### Try it
Your reply should hold only the lines from the records below where "Footprint" occurs.

Task input: Begin

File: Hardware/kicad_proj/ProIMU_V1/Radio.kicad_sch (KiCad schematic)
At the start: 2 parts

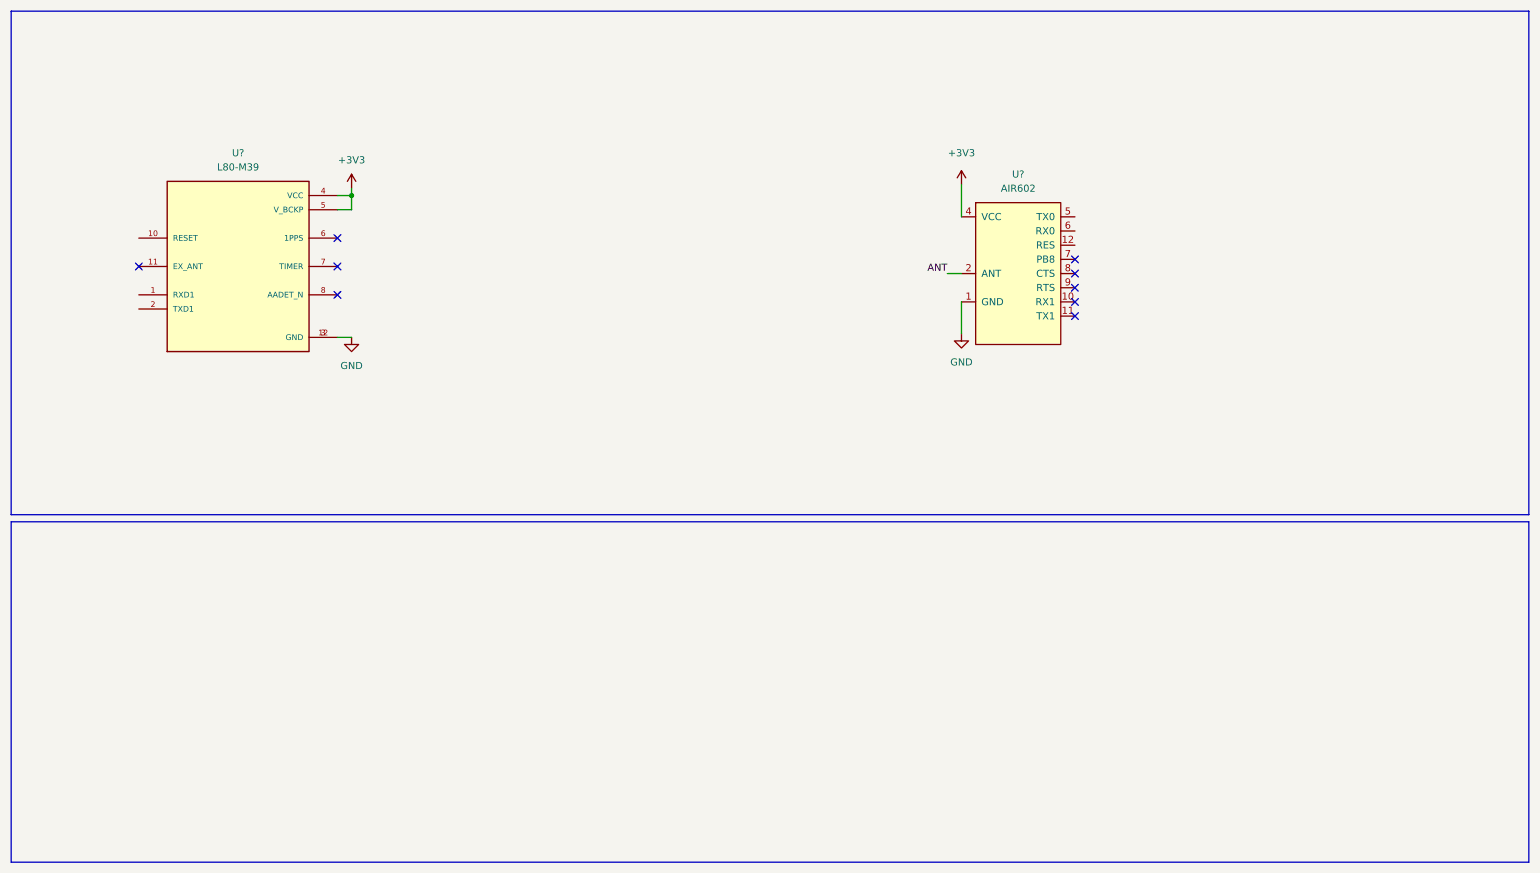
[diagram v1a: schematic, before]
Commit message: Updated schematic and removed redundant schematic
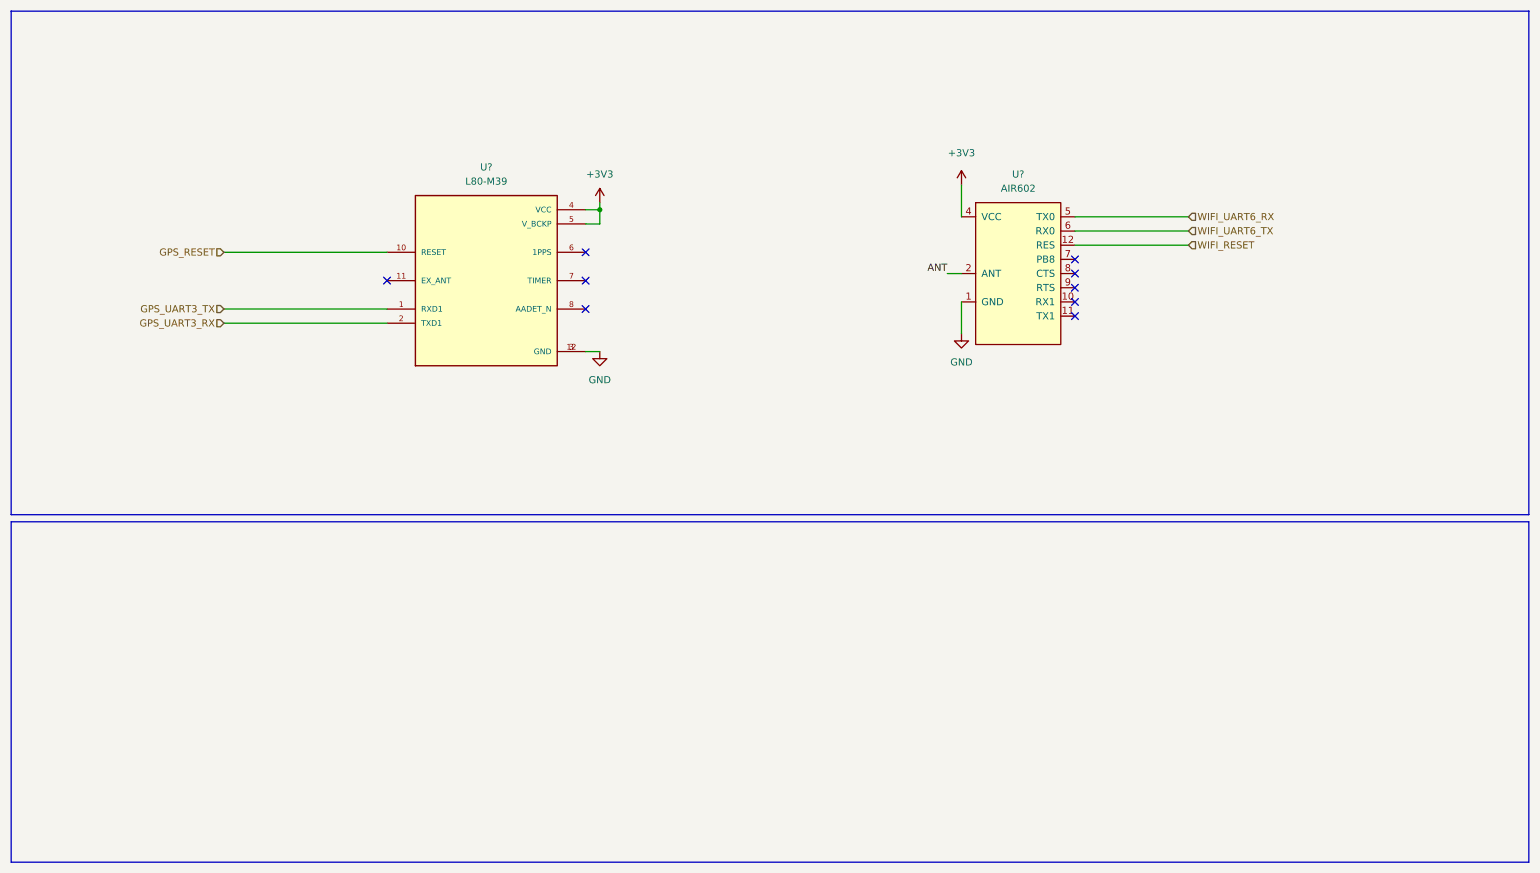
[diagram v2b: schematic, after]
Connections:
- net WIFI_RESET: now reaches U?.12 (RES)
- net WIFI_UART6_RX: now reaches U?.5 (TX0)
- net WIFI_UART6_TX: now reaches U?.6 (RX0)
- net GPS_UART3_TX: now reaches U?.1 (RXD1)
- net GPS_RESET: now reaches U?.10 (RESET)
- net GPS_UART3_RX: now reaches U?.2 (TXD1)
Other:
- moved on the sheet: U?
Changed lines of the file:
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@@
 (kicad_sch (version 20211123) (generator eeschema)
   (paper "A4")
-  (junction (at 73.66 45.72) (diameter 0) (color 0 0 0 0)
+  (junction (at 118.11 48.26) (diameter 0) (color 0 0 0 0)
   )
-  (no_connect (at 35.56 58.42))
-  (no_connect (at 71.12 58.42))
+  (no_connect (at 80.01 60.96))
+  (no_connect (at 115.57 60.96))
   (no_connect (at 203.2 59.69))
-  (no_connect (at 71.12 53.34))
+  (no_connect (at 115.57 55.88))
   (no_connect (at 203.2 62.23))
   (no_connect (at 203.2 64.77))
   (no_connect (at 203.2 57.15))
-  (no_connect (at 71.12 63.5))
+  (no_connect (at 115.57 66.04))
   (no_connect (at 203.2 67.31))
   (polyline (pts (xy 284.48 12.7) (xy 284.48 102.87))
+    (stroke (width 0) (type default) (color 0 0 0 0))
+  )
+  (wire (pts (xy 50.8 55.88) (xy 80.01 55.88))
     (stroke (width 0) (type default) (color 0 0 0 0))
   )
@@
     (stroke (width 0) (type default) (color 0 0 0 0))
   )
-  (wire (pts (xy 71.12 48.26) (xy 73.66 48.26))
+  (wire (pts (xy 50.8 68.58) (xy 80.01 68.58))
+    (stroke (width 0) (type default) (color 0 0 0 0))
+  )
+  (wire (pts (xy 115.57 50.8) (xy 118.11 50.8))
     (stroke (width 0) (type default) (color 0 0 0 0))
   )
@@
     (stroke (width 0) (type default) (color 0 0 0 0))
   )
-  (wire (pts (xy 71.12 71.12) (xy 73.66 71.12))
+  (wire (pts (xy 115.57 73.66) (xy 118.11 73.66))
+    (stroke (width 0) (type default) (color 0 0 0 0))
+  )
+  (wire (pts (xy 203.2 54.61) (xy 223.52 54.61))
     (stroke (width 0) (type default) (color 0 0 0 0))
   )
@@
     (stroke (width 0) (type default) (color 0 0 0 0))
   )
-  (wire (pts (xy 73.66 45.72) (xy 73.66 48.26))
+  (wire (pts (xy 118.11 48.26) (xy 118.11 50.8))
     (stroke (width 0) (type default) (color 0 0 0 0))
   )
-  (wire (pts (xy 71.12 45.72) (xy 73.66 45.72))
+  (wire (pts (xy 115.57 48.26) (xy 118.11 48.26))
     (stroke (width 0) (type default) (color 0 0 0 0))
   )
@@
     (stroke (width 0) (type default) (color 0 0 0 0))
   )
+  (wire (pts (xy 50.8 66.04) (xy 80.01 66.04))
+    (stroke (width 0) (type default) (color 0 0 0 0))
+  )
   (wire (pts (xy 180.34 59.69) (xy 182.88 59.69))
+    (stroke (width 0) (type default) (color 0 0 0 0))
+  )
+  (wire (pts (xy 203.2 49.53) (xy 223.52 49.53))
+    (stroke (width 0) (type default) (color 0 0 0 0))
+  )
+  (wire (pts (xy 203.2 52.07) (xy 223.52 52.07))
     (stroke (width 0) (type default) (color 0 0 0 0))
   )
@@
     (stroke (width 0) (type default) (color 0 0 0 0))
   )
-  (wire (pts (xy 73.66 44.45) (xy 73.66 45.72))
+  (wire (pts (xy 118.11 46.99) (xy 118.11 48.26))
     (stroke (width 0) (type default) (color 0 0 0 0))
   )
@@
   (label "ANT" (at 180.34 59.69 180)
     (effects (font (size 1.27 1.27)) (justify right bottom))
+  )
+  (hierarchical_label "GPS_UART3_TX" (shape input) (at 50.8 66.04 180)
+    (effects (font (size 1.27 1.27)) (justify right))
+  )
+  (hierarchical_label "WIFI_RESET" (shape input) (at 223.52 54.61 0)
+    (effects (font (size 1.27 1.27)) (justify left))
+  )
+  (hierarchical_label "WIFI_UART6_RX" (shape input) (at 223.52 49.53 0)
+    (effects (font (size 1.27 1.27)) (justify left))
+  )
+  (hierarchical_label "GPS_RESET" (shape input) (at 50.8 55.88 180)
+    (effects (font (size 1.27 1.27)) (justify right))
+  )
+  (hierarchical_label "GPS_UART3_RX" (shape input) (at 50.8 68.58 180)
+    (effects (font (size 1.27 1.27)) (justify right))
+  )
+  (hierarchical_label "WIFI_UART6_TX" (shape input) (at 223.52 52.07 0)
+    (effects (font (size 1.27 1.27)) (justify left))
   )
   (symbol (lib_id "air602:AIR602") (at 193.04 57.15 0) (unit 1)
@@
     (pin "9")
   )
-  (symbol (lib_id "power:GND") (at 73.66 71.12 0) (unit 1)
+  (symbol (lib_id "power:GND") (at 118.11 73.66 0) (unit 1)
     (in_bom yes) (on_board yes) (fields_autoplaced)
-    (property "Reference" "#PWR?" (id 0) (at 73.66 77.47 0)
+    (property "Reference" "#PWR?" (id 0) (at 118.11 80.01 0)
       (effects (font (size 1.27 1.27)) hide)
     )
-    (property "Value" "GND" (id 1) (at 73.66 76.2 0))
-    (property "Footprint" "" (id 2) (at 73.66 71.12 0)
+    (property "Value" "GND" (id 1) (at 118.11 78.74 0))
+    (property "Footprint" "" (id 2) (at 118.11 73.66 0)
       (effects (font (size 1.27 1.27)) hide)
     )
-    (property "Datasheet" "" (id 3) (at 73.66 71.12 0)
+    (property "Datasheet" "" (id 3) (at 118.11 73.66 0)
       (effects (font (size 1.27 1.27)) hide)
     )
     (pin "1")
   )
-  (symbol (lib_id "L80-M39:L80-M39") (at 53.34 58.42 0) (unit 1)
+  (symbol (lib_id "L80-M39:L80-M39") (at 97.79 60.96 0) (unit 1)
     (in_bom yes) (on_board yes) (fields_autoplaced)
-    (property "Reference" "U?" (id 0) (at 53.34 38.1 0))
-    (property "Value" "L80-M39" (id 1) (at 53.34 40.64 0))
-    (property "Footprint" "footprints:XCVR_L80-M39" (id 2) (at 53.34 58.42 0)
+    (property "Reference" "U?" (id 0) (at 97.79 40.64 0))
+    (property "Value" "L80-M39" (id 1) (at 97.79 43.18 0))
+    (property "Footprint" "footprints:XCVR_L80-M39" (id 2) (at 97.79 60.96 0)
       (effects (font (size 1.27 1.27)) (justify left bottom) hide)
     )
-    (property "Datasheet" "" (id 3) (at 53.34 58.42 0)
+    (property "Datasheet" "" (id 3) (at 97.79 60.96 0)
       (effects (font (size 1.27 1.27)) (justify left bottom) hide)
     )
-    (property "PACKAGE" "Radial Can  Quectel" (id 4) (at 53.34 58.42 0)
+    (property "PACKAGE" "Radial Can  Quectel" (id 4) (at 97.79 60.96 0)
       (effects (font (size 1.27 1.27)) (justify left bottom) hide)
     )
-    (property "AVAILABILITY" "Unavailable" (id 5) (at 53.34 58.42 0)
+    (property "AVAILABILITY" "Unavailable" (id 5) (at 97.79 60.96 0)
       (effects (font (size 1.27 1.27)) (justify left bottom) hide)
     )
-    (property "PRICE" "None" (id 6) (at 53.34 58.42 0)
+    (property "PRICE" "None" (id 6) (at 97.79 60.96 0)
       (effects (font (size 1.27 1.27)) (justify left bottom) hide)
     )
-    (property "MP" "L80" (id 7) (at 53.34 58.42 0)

Task input: End

### Written response
-    (property "Footprint" "" (id 2) (at 73.66 71.12 0)
+    (property "Footprint" "" (id 2) (at 118.11 73.66 0)
-    (property "Footprint" "footprints:XCVR_L80-M39" (id 2) (at 53.34 58.42 0)
+    (property "Footprint" "footprints:XCVR_L80-M39" (id 2) (at 97.79 60.96 0)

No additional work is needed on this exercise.